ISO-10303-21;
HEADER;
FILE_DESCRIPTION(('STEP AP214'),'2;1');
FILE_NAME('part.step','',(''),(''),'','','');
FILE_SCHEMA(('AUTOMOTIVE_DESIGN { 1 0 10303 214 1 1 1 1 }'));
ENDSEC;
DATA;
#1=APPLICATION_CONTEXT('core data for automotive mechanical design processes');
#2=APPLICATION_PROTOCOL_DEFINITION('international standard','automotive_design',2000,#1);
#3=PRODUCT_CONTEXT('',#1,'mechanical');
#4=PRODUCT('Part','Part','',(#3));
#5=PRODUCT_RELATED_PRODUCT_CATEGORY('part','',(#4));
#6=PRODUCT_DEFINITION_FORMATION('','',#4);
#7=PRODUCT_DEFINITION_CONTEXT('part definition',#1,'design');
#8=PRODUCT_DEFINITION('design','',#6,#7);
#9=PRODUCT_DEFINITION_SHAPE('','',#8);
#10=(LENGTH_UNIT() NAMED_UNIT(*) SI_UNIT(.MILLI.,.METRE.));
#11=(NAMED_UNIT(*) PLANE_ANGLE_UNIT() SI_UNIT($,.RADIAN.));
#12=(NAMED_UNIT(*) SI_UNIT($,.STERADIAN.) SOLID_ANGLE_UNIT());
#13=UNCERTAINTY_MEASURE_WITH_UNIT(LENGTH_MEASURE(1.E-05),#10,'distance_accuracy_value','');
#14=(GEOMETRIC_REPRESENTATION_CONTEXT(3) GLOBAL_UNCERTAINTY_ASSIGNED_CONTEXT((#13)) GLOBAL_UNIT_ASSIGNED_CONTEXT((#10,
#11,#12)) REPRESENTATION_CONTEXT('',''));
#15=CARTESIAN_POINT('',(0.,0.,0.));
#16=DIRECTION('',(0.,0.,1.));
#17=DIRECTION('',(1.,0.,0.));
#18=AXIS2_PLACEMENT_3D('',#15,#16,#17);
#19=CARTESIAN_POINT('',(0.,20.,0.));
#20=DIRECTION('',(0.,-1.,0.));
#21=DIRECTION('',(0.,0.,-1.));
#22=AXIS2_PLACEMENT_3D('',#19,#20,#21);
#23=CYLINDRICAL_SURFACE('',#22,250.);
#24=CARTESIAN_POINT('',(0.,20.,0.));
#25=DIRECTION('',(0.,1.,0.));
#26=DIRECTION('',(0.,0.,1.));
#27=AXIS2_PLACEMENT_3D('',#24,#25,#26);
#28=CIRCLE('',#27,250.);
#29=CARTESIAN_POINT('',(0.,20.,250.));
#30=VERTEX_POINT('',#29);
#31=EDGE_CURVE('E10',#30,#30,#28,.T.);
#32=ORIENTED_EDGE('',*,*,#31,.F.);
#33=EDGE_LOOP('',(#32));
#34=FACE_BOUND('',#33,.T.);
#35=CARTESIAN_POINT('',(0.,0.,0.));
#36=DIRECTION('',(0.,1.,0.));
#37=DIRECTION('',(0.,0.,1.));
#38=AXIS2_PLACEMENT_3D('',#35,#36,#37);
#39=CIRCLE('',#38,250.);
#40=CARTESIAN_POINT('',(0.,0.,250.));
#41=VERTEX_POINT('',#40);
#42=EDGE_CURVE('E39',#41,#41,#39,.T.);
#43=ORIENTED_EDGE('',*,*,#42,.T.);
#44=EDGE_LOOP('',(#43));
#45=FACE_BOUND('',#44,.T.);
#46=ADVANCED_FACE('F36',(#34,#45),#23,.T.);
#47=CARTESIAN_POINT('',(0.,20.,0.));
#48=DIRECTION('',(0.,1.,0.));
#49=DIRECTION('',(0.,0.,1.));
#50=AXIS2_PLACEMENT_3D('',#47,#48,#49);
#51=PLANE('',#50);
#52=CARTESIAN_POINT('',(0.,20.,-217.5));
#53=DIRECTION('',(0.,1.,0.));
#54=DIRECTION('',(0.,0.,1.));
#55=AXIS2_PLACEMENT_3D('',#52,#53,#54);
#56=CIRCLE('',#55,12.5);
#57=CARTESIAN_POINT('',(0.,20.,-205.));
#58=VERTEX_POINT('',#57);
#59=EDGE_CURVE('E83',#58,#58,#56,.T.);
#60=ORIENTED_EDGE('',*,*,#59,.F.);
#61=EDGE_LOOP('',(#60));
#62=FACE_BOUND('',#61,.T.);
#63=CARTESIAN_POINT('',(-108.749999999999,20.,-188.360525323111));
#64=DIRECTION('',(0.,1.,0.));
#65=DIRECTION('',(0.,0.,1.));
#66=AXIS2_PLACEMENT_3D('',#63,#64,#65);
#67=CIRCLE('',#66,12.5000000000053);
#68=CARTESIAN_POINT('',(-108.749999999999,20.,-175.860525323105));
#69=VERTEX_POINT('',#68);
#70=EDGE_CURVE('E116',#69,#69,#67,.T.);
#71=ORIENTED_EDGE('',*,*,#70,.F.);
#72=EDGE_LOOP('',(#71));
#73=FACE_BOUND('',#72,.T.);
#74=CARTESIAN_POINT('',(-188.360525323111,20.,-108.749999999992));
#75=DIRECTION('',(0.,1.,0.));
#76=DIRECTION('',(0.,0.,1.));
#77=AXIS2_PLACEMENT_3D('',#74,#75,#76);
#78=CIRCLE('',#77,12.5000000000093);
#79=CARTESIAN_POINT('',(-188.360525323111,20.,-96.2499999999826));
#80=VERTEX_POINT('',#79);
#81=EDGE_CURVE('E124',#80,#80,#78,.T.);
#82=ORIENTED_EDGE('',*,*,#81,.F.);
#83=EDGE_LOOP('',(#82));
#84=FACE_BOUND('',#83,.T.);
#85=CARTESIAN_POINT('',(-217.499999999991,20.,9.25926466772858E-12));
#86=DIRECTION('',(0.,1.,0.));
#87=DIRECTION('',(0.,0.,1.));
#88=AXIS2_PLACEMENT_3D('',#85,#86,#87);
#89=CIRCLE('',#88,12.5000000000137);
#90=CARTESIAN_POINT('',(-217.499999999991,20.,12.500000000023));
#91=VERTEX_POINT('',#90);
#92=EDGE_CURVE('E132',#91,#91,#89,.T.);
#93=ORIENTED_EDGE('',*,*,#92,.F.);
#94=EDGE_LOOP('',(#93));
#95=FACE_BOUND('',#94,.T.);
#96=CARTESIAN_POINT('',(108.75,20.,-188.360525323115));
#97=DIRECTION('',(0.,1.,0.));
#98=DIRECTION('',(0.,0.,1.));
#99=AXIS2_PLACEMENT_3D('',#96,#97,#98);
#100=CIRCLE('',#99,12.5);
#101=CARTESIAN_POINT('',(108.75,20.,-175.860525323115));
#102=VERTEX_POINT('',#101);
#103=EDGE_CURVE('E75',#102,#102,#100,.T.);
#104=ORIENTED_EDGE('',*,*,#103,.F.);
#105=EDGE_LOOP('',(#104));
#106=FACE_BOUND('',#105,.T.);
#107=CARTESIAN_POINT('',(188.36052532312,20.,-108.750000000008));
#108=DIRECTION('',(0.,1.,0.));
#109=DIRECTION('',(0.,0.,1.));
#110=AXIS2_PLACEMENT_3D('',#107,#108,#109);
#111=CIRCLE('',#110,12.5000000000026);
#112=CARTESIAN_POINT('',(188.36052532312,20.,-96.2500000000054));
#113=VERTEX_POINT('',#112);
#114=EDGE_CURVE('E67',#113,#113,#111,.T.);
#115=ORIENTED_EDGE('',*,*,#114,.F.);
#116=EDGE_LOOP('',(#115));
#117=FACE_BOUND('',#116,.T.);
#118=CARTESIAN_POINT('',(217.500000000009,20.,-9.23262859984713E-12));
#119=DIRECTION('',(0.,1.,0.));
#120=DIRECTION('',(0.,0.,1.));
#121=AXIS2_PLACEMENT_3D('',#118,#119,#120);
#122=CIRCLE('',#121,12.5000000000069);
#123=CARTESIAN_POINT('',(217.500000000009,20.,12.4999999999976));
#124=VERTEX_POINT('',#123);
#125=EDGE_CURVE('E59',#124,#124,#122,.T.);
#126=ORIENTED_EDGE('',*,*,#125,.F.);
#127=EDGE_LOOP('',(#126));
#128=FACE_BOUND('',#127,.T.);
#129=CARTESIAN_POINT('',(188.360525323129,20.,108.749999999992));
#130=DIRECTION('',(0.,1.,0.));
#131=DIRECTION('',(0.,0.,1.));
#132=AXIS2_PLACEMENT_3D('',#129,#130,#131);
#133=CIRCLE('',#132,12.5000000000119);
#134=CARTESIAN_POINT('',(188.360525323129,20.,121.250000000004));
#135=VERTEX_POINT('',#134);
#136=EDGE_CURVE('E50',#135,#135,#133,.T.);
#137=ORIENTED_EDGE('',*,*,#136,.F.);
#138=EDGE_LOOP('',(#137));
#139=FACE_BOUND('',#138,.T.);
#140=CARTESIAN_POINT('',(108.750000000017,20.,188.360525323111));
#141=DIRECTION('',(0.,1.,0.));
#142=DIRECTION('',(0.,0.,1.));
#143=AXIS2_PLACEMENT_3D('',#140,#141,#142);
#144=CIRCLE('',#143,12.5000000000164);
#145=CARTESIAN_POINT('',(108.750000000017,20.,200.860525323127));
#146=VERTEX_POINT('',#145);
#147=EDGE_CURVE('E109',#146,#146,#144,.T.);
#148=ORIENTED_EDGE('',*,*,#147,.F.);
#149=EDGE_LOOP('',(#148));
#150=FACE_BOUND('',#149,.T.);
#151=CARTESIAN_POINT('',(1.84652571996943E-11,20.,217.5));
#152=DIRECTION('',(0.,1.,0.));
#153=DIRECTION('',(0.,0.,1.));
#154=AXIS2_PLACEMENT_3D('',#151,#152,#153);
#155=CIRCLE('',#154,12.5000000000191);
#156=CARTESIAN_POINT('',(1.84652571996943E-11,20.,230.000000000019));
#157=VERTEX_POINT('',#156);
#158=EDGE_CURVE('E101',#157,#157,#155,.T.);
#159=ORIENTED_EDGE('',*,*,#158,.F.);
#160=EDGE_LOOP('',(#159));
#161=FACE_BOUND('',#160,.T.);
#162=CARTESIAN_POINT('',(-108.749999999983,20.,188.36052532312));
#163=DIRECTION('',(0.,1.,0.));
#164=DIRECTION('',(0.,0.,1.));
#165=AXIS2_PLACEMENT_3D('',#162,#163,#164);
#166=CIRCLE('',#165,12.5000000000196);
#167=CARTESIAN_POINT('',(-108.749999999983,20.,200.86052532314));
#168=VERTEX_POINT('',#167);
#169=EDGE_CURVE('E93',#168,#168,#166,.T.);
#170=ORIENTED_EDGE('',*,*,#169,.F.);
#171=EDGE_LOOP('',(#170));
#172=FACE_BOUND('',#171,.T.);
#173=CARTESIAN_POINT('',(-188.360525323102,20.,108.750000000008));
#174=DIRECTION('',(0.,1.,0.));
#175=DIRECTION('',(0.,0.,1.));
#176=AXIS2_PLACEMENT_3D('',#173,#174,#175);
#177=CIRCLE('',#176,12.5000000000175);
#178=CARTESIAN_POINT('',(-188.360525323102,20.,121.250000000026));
* * * * * * * * *
EXERCISE PROMPT: All that is wanted is a faithful reproduction of the line above with "#35=CARTESIAN_POINT('',(0.,0.,0.));", the line with "#58=VERTEX_POINT('',#57);", and every line in between.

TASK RESPONSE:
#35=CARTESIAN_POINT('',(0.,0.,0.));
#36=DIRECTION('',(0.,1.,0.));
#37=DIRECTION('',(0.,0.,1.));
#38=AXIS2_PLACEMENT_3D('',#35,#36,#37);
#39=CIRCLE('',#38,250.);
#40=CARTESIAN_POINT('',(0.,0.,250.));
#41=VERTEX_POINT('',#40);
#42=EDGE_CURVE('E39',#41,#41,#39,.T.);
#43=ORIENTED_EDGE('',*,*,#42,.T.);
#44=EDGE_LOOP('',(#43));
#45=FACE_BOUND('',#44,.T.);
#46=ADVANCED_FACE('F36',(#34,#45),#23,.T.);
#47=CARTESIAN_POINT('',(0.,20.,0.));
#48=DIRECTION('',(0.,1.,0.));
#49=DIRECTION('',(0.,0.,1.));
#50=AXIS2_PLACEMENT_3D('',#47,#48,#49);
#51=PLANE('',#50);
#52=CARTESIAN_POINT('',(0.,20.,-217.5));
#53=DIRECTION('',(0.,1.,0.));
#54=DIRECTION('',(0.,0.,1.));
#55=AXIS2_PLACEMENT_3D('',#52,#53,#54);
#56=CIRCLE('',#55,12.5);
#57=CARTESIAN_POINT('',(0.,20.,-205.));
#58=VERTEX_POINT('',#57);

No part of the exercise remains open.